[Stored records]
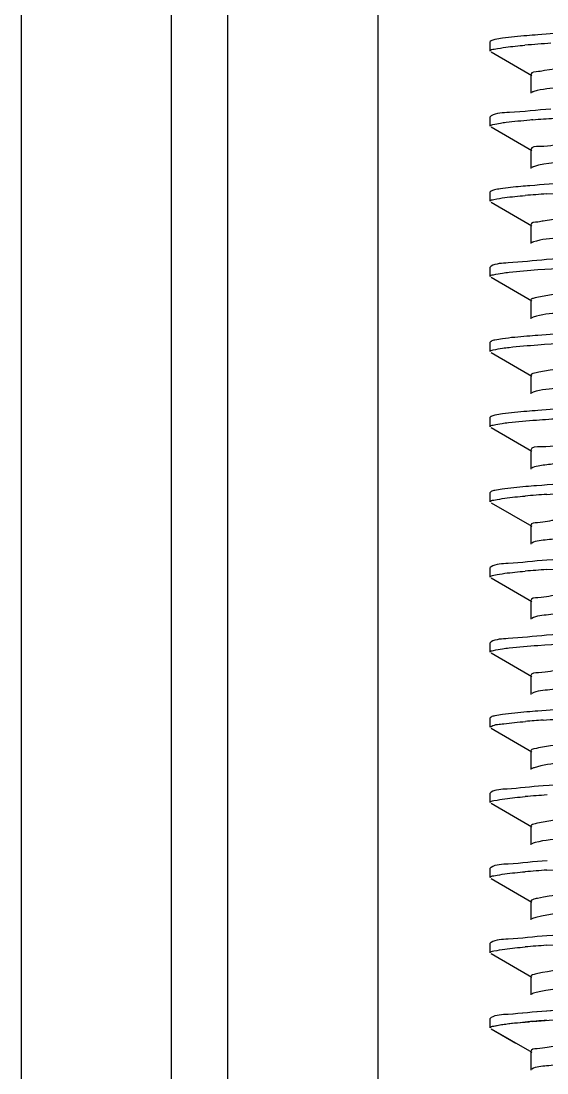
# Model space of a CAD drawing. Extents: x 54907 to 703237, y -798661 to -546661.
# Drawn here: x 370153.7 to 370333.9, y -579461.4 to -579101.4 of the extents above; entities that cross this region are included whole.
import ezdxf

# ---------------------------------------------------------------- set-up
doc = ezdxf.new("R2010")
doc.units = 0
doc.header["$LTSCALE"] = 1000
doc.header["$MEASUREMENT"] = 0

# ---------------------------------------------------------------- blocks, each defined once
blk = doc.blocks.new('gfhhrryyfd')
at = {"linetype": 'Continuous'}
for p, q in [((3693152.86, -1741005.43), (3693152.86, -1744418.97)), ((3693187.15, -1741005.43), (3693187.15, -1744418.97)), ((3693200.01, -1741005.43), (3693200.01, -1744418.97)), ((3693234.3, -1741005.43), (3693234.3, -1744418.97)), ((3693260.18, -1742166.78), (3693260.01, -1742166.97)), ((3693260.01, -1742169.11), (3693260.01, -1742166.97)), ((3693260.01, -1742169.11), (3693260.01, -1742166.97)), ((3693260.18, -1742169.3), (3693269.48, -1742174.69)), ((3693269.29, -1742174.47), (3693269.29, -1742178.76)), ((3693260.18, -1742183.93), (3693260.01, -1742184.11)), ((3693260.01, -1742186.26), (3693260.01, -1742184.11)), ((3693260.01, -1742186.26), (3693260.01, -1742184.11)), ((3693260.18, -1742186.44), (3693269.48, -1742191.83)), ((3693269.29, -1742191.61), (3693269.29, -1742195.9)), ((3693260.18, -1742201.07), (3693260.01, -1742201.26)), ((3693260.01, -1742203.4), (3693260.01, -1742201.26)), ((3693260.01, -1742203.4), (3693260.01, -1742201.26)), ((3693260.18, -1742203.59), (3693269.48, -1742208.98)), ((3693269.29, -1742208.76), (3693269.29, -1742213.05)), ((3693260.18, -1742218.22), (3693260.01, -1742218.4)), ((3693260.01, -1742220.55), (3693260.01, -1742218.4)), ((3693260.01, -1742220.55), (3693260.01, -1742218.4)), ((3693260.18, -1742220.73), (3693269.48, -1742226.12)), ((3693269.29, -1742225.9), (3693269.29, -1742230.19)), ((3693269.82, -1742229.83), (3693269.48, -1742229.97)), ((3693260.18, -1742235.36), (3693260.01, -1742235.55)), ((3693260.01, -1742237.69), (3693260.01, -1742235.55)), ((3693260.01, -1742237.69), (3693260.01, -1742235.55)), ((3693260.18, -1742237.88), (3693269.48, -1742243.27)), ((3693269.29, -1742243.05), (3693269.29, -1742247.34)), ((3693269.79, -1742246.98), (3693269.48, -1742247.12)), ((3693260.18, -1742252.51), (3693260.01, -1742252.69)), ((3693260.01, -1742254.84), (3693260.01, -1742252.69)), ((3693260.01, -1742254.84), (3693260.01, -1742252.69)), ((3693260.18, -1742255.03), (3693269.48, -1742260.41)), ((3693269.29, -1742260.2), (3693269.29, -1742264.48)), ((3693269.76, -1742264.14), (3693269.48, -1742264.26)), ((3693260.18, -1742269.65), (3693260.01, -1742269.84)), ((3693260.01, -1742271.98), (3693260.01, -1742269.84)), ((3693260.01, -1742271.98), (3693260.01, -1742269.84)), ((3693260.18, -1742272.17), (3693269.48, -1742277.56)), ((3693269.29, -1742277.34), (3693269.29, -1742281.63)), ((3693260.18, -1742286.8), (3693260.01, -1742286.98)), ((3693260.01, -1742289.13), (3693260.01, -1742286.98)), ((3693260.01, -1742289.13), (3693260.01, -1742286.98)), ((3693260.18, -1742289.32), (3693269.48, -1742294.7)), ((3693269.29, -1742294.49), (3693269.29, -1742298.77)), ((3693260.18, -1742303.94), (3693260.01, -1742304.13)), ((3693260.01, -1742306.27), (3693260.01, -1742304.13)), ((3693260.01, -1742306.27), (3693260.01, -1742304.13)), ((3693260.18, -1742306.46), (3693269.48, -1742311.85)), ((3693269.29, -1742311.63), (3693269.29, -1742315.92)), ((3693260.18, -1742321.09), (3693260.01, -1742321.28)), ((3693260.01, -1742323.42), (3693260.01, -1742321.28)), ((3693260.01, -1742323.42), (3693260.01, -1742321.28)), ((3693260.18, -1742323.61), (3693269.48, -1742328.99)), ((3693269.29, -1742328.78), (3693269.29, -1742333.06)), ((3693260.18, -1742338.23), (3693260.01, -1742338.42)), ((3693260.01, -1742340.56), (3693260.01, -1742338.42)), ((3693260.01, -1742340.56), (3693260.01, -1742338.42)), ((3693260.18, -1742340.75), (3693269.48, -1742346.14)), ((3693269.29, -1742345.92), (3693269.29, -1742350.21)), ((3693260.18, -1742355.38), (3693260.01, -1742355.57)), ((3693260.01, -1742357.71), (3693260.01, -1742355.57)), ((3693260.01, -1742357.71), (3693260.01, -1742355.57)), ((3693260.18, -1742357.9), (3693269.48, -1742363.28)), ((3693269.29, -1742363.07), (3693269.29, -1742367.35)), ((3693260.18, -1742372.52), (3693260.01, -1742372.71)), ((3693260.01, -1742374.85), (3693260.01, -1742372.71)), ((3693260.01, -1742374.85), (3693260.01, -1742372.71)), ((3693260.18, -1742375.04), (3693269.48, -1742380.43)), ((3693269.29, -1742380.21), (3693269.29, -1742384.5)), ((3693260.18, -1742389.67), (3693260.01, -1742389.86)), ((3693260.18, -1742389.67), (3693260.01, -1742389.85)), ((3693260.01, -1742392), (3693260.01, -1742389.85)), ((3693260.01, -1742392), (3693260.01, -1742389.85)), ((3693260.01, -1742392), (3693260.01, -1742389.86)), ((3693260.01, -1742392), (3693260.01, -1742389.86)), ((3693260.18, -1742392.19), (3693269.48, -1742397.57)), ((3693260.18, -1742392.19), (3693265.84, -1742395.47)), ((3693269.29, -1742397.36), (3693269.29, -1742401.64))]:
    blk.add_line(p, q, dxfattribs=at)
for centre, radius, start, end in [((3693293.88, -1742476.99), 310.29, 93.6981, 94.7988), ((3693289.75, -1742443.09), 259.07, 94.4275, 94.5797), ((3693292.52, -1742494.11), 293.06, 93.8492, 94.8033), ((3693292.64, -1742564.19), 294.57, 93.8351, 94.8035), ((3693292.52, -1742579.88), 293.11, 93.8488, 94.8033), ((3693291.48, -1742601.07), 279.97, 93.9793, 94.8029), ((3693292.69, -1742633.4), 295.2, 93.8293, 94.8034), ((3693292.64, -1742649.95), 294.6, 93.8348, 94.8035), ((3693292.53, -1742665.65), 293.15, 93.8484, 94.8033), ((3693292.67, -1742684.55), 294.92, 93.832, 94.8034), ((3693289.57, -1742646.6), 256.84, 94.4326, 94.598)]:
    blk.add_arc(centre, radius, start, end, dxfattribs=at)
for points, knots in [([(3693386.04, -1742159.97), (3693377.75, -1742160.58), (3693339.35, -1742162.45), (3693300.89, -1742163.2), (3693270.85, -1742165.41)], [0, 0, 0, 0, 0.216242, 1, 1, 1, 1]), ([(3693270.85, -1742165.41), (3693270.02, -1742165.47), (3693267.32, -1742165.69), (3693264.63, -1742165.93), (3693262.77, -1742166.19)], [0, 0, 0, 0, 0.307553, 1, 1, 1, 1]), ([(3693262.77, -1742166.19), (3693262.21, -1742166.27), (3693261.34, -1742166.42), (3693260.45, -1742166.62), (3693260.18, -1742166.78)], [0, 0, 0, 0, 0.642812, 1, 1, 1, 1]), ([(3693383.63, -1742166.94), (3693376.16, -1742167.86), (3693351.31, -1742169.05), (3693314.28, -1742171.15), (3693284.57, -1742171.83), (3693272.39, -1742173.58)], [0, 0, 0, 0, 0.202603, 0.668804, 1, 1, 1, 1]), ([(3693260.01, -1742169.11), (3693260.01, -1742168.78), (3693261.78, -1742168.59), (3693262.66, -1742168.34), (3693263.55, -1742168.23)], [0, 0, 0, 0, 0.270507, 1, 1, 1, 1]), ([(3693383.63, -1742171.22), (3693375.44, -1742172.24), (3693354.77, -1742173.17), (3693322.71, -1742174.82), (3693294.96, -1742175.89), (3693277.77, -1742177.33), (3693271.88, -1742177.76), (3693269.96, -1742178.35)], [0, 0, 0, 0, 0.21746, 0.544109, 0.846107, 0.947311, 1, 1, 1, 1]), ([(3693272.39, -1742173.58), (3693271.94, -1742173.65), (3693271.07, -1742173.9), (3693269.3, -1742173.85), (3693269.29, -1742174.47)], [0, 0, 0, 0, 0.421733, 1, 1, 1, 1]), ([(3693269.96, -1742178.35), (3693269.87, -1742178.37), (3693269.71, -1742178.43), (3693269.55, -1742178.5), (3693269.48, -1742178.54)], [0, 0, 0, 0, 0.565364, 1, 1, 1, 1]), ([(3693273.87, -1742182.35), (3693270.69, -1742182.56), (3693266.26, -1742183.17), (3693261.41, -1742183.22), (3693260.18, -1742183.93)], [0, 0, 0, 0, 0.691512, 1, 1, 1, 1]), ([(3693269.75, -1742184.78), (3693271.37, -1742184.66), (3693279.42, -1742184.11), (3693287.47, -1742183.71), (3693293.91, -1742183.42)], [0, 0, 0, 0, 0.201424, 1, 1, 1, 1]), ([(3693260.01, -1742186.26), (3693260.01, -1742186.03), (3693261.12, -1742185.79), (3693261.74, -1742185.64), (3693262.32, -1742185.55)], [0, 0, 0, 0, 0.278252, 1, 1, 1, 1]), ([(3693262.32, -1742185.55), (3693262.75, -1742185.48), (3693264.99, -1742185.18), (3693267.24, -1742184.98), (3693269.07, -1742184.84)], [0, 0, 0, 0, 0.191021, 1, 1, 1, 1]), ([(3693298.6, -1742188.78), (3693294.55, -1742188.99), (3693287.61, -1742189.49), (3693277.8, -1742189.85), (3693273.33, -1742190.98), (3693269.3, -1742190.91), (3693269.29, -1742191.61)], [0, 0, 0, 0, 0.411949, 0.728681, 0.928197, 1, 1, 1, 1]), ([(3693298.6, -1742193.06), (3693292.19, -1742193.4), (3693282.7, -1742194.25), (3693272.94, -1742194.54), (3693269.91, -1742195.51)], [0, 0, 0, 0, 0.668187, 1, 1, 1, 1]), ([(3693269.91, -1742195.51), (3693269.83, -1742195.53), (3693269.68, -1742195.59), (3693269.54, -1742195.65), (3693269.48, -1742195.68)], [0, 0, 0, 0, 0.560801, 1, 1, 1, 1]), ([(3693272.85, -1742201.71), (3693280.97, -1742201.15), (3693318.14, -1742199.36), (3693355.34, -1742198.51), (3693384.33, -1742196.53)], [0, 0, 0, 0, 0.218971, 1, 1, 1, 1]), ([(3693293.91, -1742198.42), (3693291.45, -1742198.53), (3693283.16, -1742198.93), (3693274.88, -1742199.38), (3693269.07, -1742199.84)], [0, 0, 0, 0, 0.296988, 1, 1, 1, 1]), ([(3693262.32, -1742200.55), (3693261.86, -1742200.62), (3693261.14, -1742200.75), (3693260.41, -1742200.94), (3693260.18, -1742201.07)], [0, 0, 0, 0, 0.635229, 1, 1, 1, 1]), ([(3693269.07, -1742199.84), (3693268.37, -1742199.9), (3693266.12, -1742200.09), (3693263.87, -1742200.31), (3693262.32, -1742200.55)], [0, 0, 0, 0, 0.308017, 1, 1, 1, 1]), ([(3693384.48, -1742201.12), (3693377.17, -1742202.12), (3693352.13, -1742203.25), (3693314.75, -1742205.48), (3693284.49, -1742206.05), (3693272.12, -1742207.91)], [0, 0, 0, 0, 0.196527, 0.666696, 1, 1, 1, 1]), ([(3693260.01, -1742203.4), (3693260.01, -1742203.09), (3693261.65, -1742202.89), (3693262.47, -1742202.66), (3693263.3, -1742202.55)], [0, 0, 0, 0, 0.271637, 1, 1, 1, 1]), ([(3693384.48, -1742205.4), (3693376.47, -1742206.51), (3693355.79, -1742207.39), (3693328.85, -1742208.75), (3693304.57, -1742209.9), (3693288.92, -1742210.66), (3693277.72, -1742211.64), (3693271.75, -1742212.04), (3693269.86, -1742212.67)], [0, 0, 0, 0, 0.211039, 0.539644, 0.704709, 0.845991, 0.948071, 1, 1, 1, 1]), ([(3693272.12, -1742207.91), (3693271.71, -1742207.98), (3693270.91, -1742208.21), (3693269.29, -1742208.19), (3693269.29, -1742208.76)], [0, 0, 0, 0, 0.420596, 1, 1, 1, 1]), ([(3693269.86, -1742212.67), (3693269.79, -1742212.69), (3693269.66, -1742212.74), (3693269.54, -1742212.8), (3693269.48, -1742212.83)], [0, 0, 0, 0, 0.556813, 1, 1, 1, 1]), ([(3693384.33, -1742211.53), (3693376.2, -1742212.08), (3693339.04, -1742213.87), (3693301.83, -1742214.73), (3693272.85, -1742216.71)], [0, 0, 0, 0, 0.219019, 1, 1, 1, 1]), ([(3693270.89, -1742218.99), (3693279.14, -1742218.38), (3693317.57, -1742216.51), (3693356.05, -1742215.75), (3693386.16, -1742213.54)], [0, 0, 0, 0, 0.215007, 1, 1, 1, 1]), ([(3693272.85, -1742216.71), (3693269.92, -1742216.91), (3693265.8, -1742217.48), (3693261.32, -1742217.56), (3693260.18, -1742218.22)], [0, 0, 0, 0, 0.690145, 1, 1, 1, 1]), ([(3693384.86, -1742218.21), (3693377.52, -1742219.28), (3693358.2, -1742220.13), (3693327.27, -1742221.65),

ACTION ITEM
Please show, exactly as written, every line above that contains the word "blocks".

RESPONSE TO THIS TASK
# ---------------------------------------------------------------- blocks, each defined once
blk = doc.blocks.new('gfhhrryyfd')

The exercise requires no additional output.